Millions of people who rely on regular medication take it for granted that there will be one tablet in each section of the blister pack when they open a new box of drugs. But, for pharma manufacturers, it is no mean feat to ensure there are no extra, missing or incorrect tablets in a sealed blister pack on a high-speed factory production line.
Checking for dangerous bubbles of air in a drug-device combination product is another everyday challenge where the stakes are high, along with ensuring the needle of an autoinjector is in the correct position.
But all these issues — and more — are now being addressed by a new generation of X-ray technology that can do so much more than detect a fragment of metal or glass in a drug container.
The latest X-ray systems combine low-energy X-ray imaging with active pixel sensor (APS) technology to achieve high sensitivity, with resolutions 10 times greater than traditional end-of-line X-ray machines. That means they can detect not only missing or broken tablets, with an inspection zone created around each tablet pocket, but also contaminants such as metal, even though the products are packaged in metallic blister packs. The technology can even detect paper inside cardboard, using adaptive algorithms to check that each box contains an 'instructions for use' (IFU) leaflet to ensure regulatory compliance.
X-ray technology can also be used to check the mass of a product — to ensure containers of common over-the-counter medications meet the necessary weight requirements, for example. It can also check the individual masses of a series of items within a pack — so it can detect and reject an underweight bottle of cough syrup in a multipack, even if some of the other bottles contain slightly too much medication.

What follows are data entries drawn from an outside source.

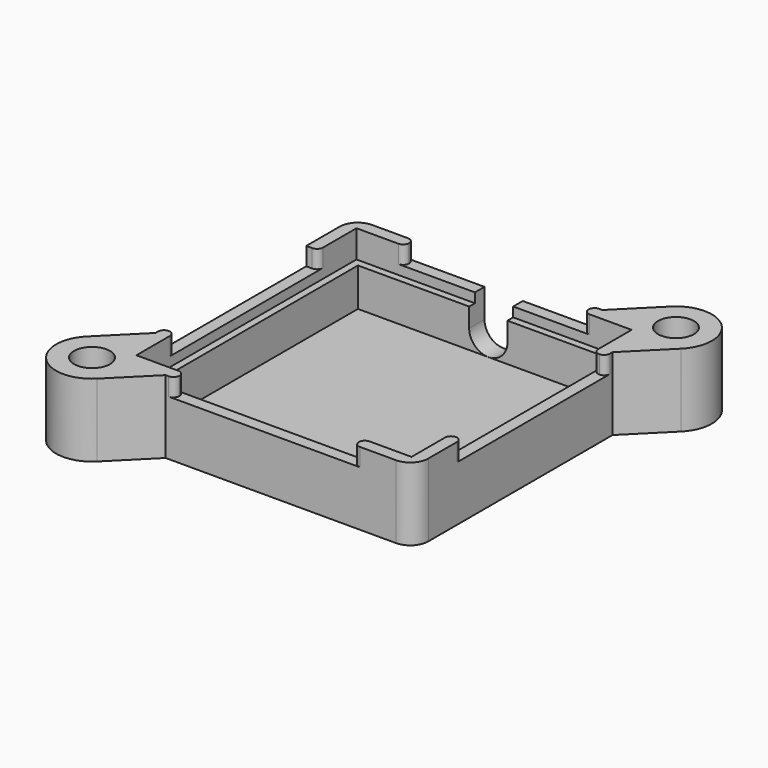
from build123d import *

# Parameters (mm, degrees)
F0_R     = 3
F1_DEPTH = 1.2
F2_R     = 3
F2_W     = 43.6
F2_H     = 43.6
F3_DEPTH = 6.4
F4_R     = 3
F4_W     = 46
F4_H     = 46
F5_DEPTH = 1.6
F6_R     = 3
F7_DEPTH = 3
F9_DEPTH = 3.2
F10_R    = 0.99999
F11_R    = 3


# Not quite as in the source:
# - a fillet or chamfer is up to 0.001 mm smaller than in the source, because OpenCascade refuses the exact size


with BuildPart() as f1:
    # F0 (on Top) → F1 (new body)
    with BuildSketch(Plane.XY):
        with BuildLine():
            Line((22.8786796564, 31.3639610307), (16.5147186258, 25))
            Line((16.5147186258, 25), (-25, 25))
            Line((-25, 25), (-25, -16.5147186258))
            Line((-25, -16.5147186258), (-31.3639610307, -22.8786796564))
            ThreePointArc((-31.3639610307, -22.8786796564), (-31.3639610307, -31.3639610307), (-22.8786796564, -31.3639610307))
            Line((-22.8786796564, -31.3639610307), (-16.5147186258, -25))
            Line((-16.5147186258, -25), (25, -25))
            Line((25, -25), (25, 16.5147186258))
            Line((25, 16.5147186258), (31.3639610307, 22.8786796564))
            ThreePointArc((31.3639610307, 22.8786796564), (31.3639610307, 31.3639610307), (22.8786796564, 31.3639610307))
        make_face()
        with Locations((-27.1213203436, -27.1213203436)):
            Circle(F0_R, mode=Mode.SUBTRACT)
        with Locations((27.1213203436, 27.1213203436)):
            Circle(F0_R, mode=Mode.SUBTRACT)
    extrude(amount=F1_DEPTH)

    # F2 (on face) → F3 (join)
    with BuildSketch(Plane.XY.offset(1.2)):
        with BuildLine():
            Line((-16.5147186258, -25), (25, -25))
            Line((25, -25), (25, 16.5147186258))
            Line((25, 16.5147186258), (31.3639610307, 22.8786796564))
            ThreePointArc((31.3639610307, 22.8786796564), (31.3639610307, 31.3639610307), (22.8786796564, 31.3639610307))
            Line((22.8786796564, 31.3639610307), (16.5147186258, 25))
            Line((16.5147186258, 25), (-25, 25))
            Line((-25, 25), (-25, -16.5147186258))
            Line((-25, -16.5147186258), (-31.3639610307, -22.8786796564))
            ThreePointArc((-31.3639610307, -22.8786796564), (-31.3639610307, -31.3639610307), (-22.8786796564, -31.3639610307))
            Line((-22.8786796564, -31.3639610307), (-16.5147186258, -25))
        make_face()
        with Locations((-27.1213203436, -27.1213203436)):
            Circle(F2_R, mode=Mode.SUBTRACT)
        Rectangle(F2_W, F2_H, mode=Mode.SUBTRACT)
        with Locations((27.1213203436, 27.1213203436)):
            Circle(F2_R, mode=Mode.SUBTRACT)
    extrude(amount=F3_DEPTH)

    # F4 (on face) → F5 (join)
    with BuildSketch(Plane.XY.offset(7.6)):
        with BuildLine():
            Line((-16.5147186258, -25), (25, -25))
            Line((25, -25), (25, 16.5147186258))
            Line((25, 16.5147186258), (31.3639610307, 22.8786796564))
            ThreePointArc((31.3639610307, 22.8786796564), (31.3639610307, 31.3639610307), (22.8786796564, 31.3639610307))
            Line((22.8786796564, 31.3639610307), (16.5147186258, 25))
            Line((16.5147186258, 25), (-25, 25))
            Line((-25, 25), (-25, -16.5147186258))
            Line((-25, -16.5147186258), (-31.3639610307, -22.8786796564))
            ThreePointArc((-31.3639610307, -22.8786796564), (-31.3639610307, -31.3639610307), (-22.8786796564, -31.3639610307))
            Line((-22.8786796564, -31.3639610307), (-16.5147186258, -25))
        make_face()
        with Locations((-27.1213203436, -27.1213203436)):
            Circle(F4_R, mode=Mode.SUBTRACT)
        Rectangle(F4_W, F4_H, mode=Mode.SUBTRACT)
        with Locations((27.1213203436, 27.1213203436)):
            Circle(F4_R, mode=Mode.SUBTRACT)
    extrude(amount=F5_DEPTH)

    # F6 (on face) → F7 (join)
    with BuildSketch(Plane.XY.offset(9.2)):
        Polygon((15, -25), (25, -25), (25, -15), (23, -15), (23, -23), (15, -23), align=None)
        with BuildLine():
            Line((25, 15), (25, 16.5147186258))
            Line((25, 16.5147186258), (31.3639610307, 22.8786796564))
            ThreePointArc((31.3639610307, 22.8786796564), (31.3639610307, 31.3639610307), (22.8786796564, 31.3639610307))
            Line((22.8786796564, 31.3639610307), (16.5147186258, 25))
            Line((16.5147186258, 25), (15, 25))
            Line((15, 25), (15, 23))
            Line((15, 23), (23, 23))
            Line((23, 23), (23, 15))
            Line((23, 15), (25, 15))
        make_face()
        with Locations((27.1213203436, 27.1213203436)):
            Circle(F6_R, mode=Mode.SUBTRACT)
        Polygon((-15, 25), (-25, 25), (-25, 15), (-23, 15), (-23, 23), (-15, 23), align=None)
        with BuildLine():
            Line((-25, -15), (-25, -16.5147186258))
            Line((-25, -16.5147186258), (-31.3639610307, -22.8786796564))
            ThreePointArc((-31.3639610307, -22.8786796564), (-31.3639610307, -31.3639610307), (-22.8786796564, -31.3639610307))
            Line((-22.8786796564, -31.3639610307), (-16.5147186258, -25))
            Line((-16.5147186258, -25), (-15, -25))
            Line((-15, -25), (-15, -23))
            Line((-15, -23), (-23, -23))
            Line((-23, -23), (-23, -15))
            Line((-23, -15), (-25, -15))
        make_face()
        with Locations((-27.1213203436, -27.1213203436)):
            Circle(F6_R, mode=Mode.SUBTRACT)
    extrude(amount=F7_DEPTH)

    # F8 (on face) → F9 (cut, through all)
    with BuildSketch(Plane(origin=(0, 25, 0), x_dir=(-1, 0, 0), z_dir=(0, 1, 0))):
        with BuildLine():
            Line((-3.2, 9.2), (-3.2, 4.4))
            ThreePointArc((-3.2, 4.4), (0, 1.2), (3.2, 4.4))
            Line((3.2, 4.4), (3.2, 9.2))
            Line((3.2, 9.2), (-3.2, 9.2))
        make_face()
    extrude(amount=-F9_DEPTH, mode=Mode.SUBTRACT)

    # F10 (radius 1 in the source; OpenCascade refuses exactly that, so slightly less here)
    f10_edges = [f1.edges().sort_by_distance(p)[0] for p in [
        (25, -15, 10.7),
        (23, -15, 10.7),
        (15, -25, 10.7),
        (15, -23, 10.7),
        (-15, -25, 10.7),
        (-15, -23, 10.7),
        (-23, -15, 10.7),
        (-23, 15, 10.7),
        (-25, -15, 10.7),
        (-15, 23, 10.7),
        (-15, 25, 10.7),
        (15, 23, 10.7),
        (15, 25, 10.7),
        (23, 15, 10.7),
        (25, 15, 10.7),
    ]]
    fillet(f10_edges, radius=F10_R)

    # F11
    f11_edges = [f1.edges().sort_by_distance(p)[0] for p in [
        (-25, 25, 6.1),
        (25, -25, 6.1),
    ]]
    fillet(f11_edges, radius=F11_R)


solid = f1.part

And it can verify the number of products, such as syringes, in a sealed multipack.
Foreign body detection has always been crucial for formulations in drug containers. The new generation of X-ray inspection equipment can detect metal or glass particles as small as 0.1mm in diameter that would not be visible to the naked eye on a high-speed production line. Image processing software now provides the tolerance levels required to deal with the variable shape and thickness of glass containers. The technology can cope with tapered shapes, ridges and bulges, so it can detect tiny shards of glass within a glass drug container – as well as checking the container is filled to the correct level. The presence of potentially dangerous bubbles in a vial of liquid medicine can also be detected.
The latest technology can also perform quality checks on drug delivery devices such as autoinjectors — ensuring the needles are in the correct position and that other parts of the device mechanism are within position tolerances. Inline inspection machines are automatically fed and motorised in different axes so that the autoinjectors can be rotated for the required quality checks.
The technology can even cope with the challenge of subcutaneous osmotic insulin pumps, where the drug is packaged in a hollow titanium rod and it is vital there are no bubbles, which might cause the flow of insulin to be interrupted. The radiography is challenging as it involves inspecting organic material with air voids through a machined titanium enclosure. But techniques such as mechanical stabilisation and combining multiple image sets are used to enhance the feature contrast.
With the annual global use of medicines predicted to reach $3.8 trillion defined daily doses by 2028, technology has a key role to play in helping pharma manufacturers ensure each of those doses is right first time.